Below are some entries. Copy each line that holds the string "from".

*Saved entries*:
----
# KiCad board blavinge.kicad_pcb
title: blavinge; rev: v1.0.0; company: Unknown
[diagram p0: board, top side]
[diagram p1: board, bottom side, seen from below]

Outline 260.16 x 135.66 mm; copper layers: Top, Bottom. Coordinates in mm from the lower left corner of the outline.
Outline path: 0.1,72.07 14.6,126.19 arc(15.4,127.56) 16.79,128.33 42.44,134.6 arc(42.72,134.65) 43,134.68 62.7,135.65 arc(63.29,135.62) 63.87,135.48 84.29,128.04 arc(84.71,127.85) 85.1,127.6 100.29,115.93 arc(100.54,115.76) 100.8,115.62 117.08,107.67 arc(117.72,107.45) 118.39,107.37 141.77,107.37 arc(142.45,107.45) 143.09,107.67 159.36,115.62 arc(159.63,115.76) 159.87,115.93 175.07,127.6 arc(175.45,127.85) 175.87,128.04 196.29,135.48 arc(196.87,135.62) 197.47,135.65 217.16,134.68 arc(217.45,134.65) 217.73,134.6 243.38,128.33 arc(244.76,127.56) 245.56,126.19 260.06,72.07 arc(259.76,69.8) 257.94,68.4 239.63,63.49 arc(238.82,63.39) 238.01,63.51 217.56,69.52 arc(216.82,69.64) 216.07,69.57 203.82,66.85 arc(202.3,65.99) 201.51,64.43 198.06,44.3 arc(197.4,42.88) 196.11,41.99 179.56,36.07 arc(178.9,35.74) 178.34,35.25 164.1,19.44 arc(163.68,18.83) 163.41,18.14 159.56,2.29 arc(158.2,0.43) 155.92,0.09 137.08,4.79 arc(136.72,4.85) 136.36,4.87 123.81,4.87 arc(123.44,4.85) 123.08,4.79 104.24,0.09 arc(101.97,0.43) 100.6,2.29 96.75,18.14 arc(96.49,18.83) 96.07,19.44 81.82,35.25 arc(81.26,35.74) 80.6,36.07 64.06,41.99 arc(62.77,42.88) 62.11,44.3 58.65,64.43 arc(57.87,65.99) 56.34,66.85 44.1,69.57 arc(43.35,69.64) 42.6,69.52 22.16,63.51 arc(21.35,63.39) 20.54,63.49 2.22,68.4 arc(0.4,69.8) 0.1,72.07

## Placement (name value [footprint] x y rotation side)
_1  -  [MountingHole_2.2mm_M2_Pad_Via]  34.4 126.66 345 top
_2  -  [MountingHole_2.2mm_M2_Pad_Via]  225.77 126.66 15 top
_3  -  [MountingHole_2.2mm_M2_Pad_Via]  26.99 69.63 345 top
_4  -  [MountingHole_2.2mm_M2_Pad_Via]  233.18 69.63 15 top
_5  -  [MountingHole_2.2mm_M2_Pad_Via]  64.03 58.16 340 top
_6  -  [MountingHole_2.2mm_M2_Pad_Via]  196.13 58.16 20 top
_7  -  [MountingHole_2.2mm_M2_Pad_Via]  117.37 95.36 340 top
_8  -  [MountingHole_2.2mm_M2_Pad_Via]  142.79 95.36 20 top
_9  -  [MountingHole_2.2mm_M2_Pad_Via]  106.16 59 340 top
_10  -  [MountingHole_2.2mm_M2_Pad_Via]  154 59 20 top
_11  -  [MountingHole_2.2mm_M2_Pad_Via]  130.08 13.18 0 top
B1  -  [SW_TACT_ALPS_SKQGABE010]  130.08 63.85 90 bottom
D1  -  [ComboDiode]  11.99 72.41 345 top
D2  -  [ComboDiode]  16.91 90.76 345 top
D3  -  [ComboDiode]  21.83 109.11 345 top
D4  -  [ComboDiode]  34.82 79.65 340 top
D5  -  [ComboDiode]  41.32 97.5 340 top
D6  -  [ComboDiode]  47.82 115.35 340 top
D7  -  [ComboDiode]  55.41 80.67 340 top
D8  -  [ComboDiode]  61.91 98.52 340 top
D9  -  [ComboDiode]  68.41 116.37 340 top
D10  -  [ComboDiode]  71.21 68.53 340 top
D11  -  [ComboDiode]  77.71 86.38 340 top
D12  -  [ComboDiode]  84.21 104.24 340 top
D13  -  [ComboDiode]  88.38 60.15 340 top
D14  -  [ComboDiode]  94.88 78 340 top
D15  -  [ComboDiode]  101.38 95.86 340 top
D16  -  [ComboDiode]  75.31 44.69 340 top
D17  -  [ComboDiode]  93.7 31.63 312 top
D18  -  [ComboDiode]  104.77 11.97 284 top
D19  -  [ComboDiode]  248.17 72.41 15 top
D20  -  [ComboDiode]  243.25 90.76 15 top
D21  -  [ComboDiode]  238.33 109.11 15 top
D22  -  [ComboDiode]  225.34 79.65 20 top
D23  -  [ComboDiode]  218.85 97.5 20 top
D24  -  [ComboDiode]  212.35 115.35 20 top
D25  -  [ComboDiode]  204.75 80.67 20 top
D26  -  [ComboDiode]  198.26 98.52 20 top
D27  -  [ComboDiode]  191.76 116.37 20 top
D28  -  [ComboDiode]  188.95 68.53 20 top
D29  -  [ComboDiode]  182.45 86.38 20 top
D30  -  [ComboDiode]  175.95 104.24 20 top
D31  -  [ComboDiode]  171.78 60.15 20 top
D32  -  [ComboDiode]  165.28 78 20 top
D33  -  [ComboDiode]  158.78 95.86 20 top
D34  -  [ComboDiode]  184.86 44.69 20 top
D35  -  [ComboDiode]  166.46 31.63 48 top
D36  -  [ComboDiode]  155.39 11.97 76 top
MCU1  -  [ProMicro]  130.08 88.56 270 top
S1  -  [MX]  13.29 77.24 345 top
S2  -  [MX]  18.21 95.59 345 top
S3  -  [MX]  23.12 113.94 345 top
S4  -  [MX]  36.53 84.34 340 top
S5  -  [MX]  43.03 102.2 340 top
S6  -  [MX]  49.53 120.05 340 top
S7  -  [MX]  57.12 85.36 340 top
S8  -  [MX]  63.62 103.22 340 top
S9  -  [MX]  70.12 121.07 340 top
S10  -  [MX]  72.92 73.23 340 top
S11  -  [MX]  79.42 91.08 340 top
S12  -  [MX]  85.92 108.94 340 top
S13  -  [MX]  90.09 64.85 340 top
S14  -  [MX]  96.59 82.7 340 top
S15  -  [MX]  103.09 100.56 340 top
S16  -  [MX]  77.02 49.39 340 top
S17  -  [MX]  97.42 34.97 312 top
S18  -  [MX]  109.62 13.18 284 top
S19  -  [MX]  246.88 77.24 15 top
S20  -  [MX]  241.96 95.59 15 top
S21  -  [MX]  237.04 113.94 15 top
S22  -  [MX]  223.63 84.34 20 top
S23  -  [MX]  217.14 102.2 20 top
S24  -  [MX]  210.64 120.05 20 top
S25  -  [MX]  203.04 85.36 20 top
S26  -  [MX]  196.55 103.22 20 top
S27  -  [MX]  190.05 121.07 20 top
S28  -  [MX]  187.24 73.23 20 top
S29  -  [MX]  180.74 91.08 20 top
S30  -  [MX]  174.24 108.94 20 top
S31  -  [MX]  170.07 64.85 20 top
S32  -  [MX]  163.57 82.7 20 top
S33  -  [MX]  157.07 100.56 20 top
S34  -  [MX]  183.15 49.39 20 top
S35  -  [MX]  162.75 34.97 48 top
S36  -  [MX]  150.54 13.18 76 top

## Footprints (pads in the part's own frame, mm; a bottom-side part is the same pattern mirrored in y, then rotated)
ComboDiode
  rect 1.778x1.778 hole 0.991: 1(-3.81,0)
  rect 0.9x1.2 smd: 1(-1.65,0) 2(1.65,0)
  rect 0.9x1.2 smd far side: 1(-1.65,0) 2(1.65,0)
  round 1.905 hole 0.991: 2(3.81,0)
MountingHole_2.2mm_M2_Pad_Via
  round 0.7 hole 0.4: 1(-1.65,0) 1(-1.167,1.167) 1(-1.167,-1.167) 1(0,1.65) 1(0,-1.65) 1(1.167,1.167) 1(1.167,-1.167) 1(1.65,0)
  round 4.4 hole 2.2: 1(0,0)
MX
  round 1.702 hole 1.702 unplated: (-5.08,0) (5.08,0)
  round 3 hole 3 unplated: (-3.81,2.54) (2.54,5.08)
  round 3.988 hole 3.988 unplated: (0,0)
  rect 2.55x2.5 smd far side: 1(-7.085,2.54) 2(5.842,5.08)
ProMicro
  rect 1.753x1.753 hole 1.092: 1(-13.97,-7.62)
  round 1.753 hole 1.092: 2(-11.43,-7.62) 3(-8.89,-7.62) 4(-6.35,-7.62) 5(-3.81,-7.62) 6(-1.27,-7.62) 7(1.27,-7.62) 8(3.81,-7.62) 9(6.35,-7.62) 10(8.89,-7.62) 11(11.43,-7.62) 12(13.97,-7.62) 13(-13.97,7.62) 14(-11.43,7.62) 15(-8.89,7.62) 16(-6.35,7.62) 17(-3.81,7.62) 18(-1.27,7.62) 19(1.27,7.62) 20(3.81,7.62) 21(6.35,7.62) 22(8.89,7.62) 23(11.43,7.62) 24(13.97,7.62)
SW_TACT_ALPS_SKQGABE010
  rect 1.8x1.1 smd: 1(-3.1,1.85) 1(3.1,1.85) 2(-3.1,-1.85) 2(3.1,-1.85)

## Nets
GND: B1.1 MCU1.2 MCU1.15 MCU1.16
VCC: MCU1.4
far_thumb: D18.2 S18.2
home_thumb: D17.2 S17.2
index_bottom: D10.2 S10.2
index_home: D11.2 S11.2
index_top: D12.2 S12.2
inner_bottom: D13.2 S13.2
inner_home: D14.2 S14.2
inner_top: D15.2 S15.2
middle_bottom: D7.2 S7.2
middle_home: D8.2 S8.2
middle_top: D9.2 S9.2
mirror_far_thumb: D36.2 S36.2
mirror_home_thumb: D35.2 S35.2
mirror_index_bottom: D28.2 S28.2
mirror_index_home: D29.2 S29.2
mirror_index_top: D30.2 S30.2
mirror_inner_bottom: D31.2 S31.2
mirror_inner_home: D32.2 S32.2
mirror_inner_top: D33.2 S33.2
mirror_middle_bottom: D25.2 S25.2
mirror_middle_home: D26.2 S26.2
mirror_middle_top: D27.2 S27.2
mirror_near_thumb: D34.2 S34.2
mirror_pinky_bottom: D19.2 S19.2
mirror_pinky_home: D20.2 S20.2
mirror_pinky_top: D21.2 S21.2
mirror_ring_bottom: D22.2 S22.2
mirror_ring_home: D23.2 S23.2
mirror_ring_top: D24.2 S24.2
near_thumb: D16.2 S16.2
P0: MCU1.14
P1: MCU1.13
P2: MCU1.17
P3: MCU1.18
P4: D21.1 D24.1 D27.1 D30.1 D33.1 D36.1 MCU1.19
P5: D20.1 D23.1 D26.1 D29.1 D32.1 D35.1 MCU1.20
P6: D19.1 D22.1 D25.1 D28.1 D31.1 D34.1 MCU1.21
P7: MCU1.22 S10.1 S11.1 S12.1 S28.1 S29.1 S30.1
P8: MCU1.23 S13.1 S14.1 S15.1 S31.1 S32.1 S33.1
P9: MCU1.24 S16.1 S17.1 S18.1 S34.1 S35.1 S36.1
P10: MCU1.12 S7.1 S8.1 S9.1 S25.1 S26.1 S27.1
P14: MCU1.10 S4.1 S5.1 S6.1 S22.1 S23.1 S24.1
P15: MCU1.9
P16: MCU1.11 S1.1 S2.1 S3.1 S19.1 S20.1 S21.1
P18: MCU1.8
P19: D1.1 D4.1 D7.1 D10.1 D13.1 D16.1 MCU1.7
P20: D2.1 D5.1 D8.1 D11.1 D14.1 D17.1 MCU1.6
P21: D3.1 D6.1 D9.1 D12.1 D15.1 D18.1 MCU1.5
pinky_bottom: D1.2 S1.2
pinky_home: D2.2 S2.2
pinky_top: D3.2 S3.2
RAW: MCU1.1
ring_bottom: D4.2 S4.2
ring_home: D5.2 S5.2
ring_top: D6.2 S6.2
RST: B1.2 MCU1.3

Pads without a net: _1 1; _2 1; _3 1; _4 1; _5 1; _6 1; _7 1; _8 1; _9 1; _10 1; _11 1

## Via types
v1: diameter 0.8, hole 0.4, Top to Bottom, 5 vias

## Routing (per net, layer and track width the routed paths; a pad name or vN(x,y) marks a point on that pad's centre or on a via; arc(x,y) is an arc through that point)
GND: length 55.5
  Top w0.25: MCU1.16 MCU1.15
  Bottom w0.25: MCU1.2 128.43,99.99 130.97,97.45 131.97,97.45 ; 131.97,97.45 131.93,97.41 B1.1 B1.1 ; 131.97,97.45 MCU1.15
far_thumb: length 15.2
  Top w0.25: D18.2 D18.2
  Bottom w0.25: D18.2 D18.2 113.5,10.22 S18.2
----
*COMPLETED TASK*:
[diagram p1: board, bottom side, seen from below]
Outline 260.16 x 135.66 mm; copper layers: Top, Bottom. Coordinates in mm from the lower left corner of the outline.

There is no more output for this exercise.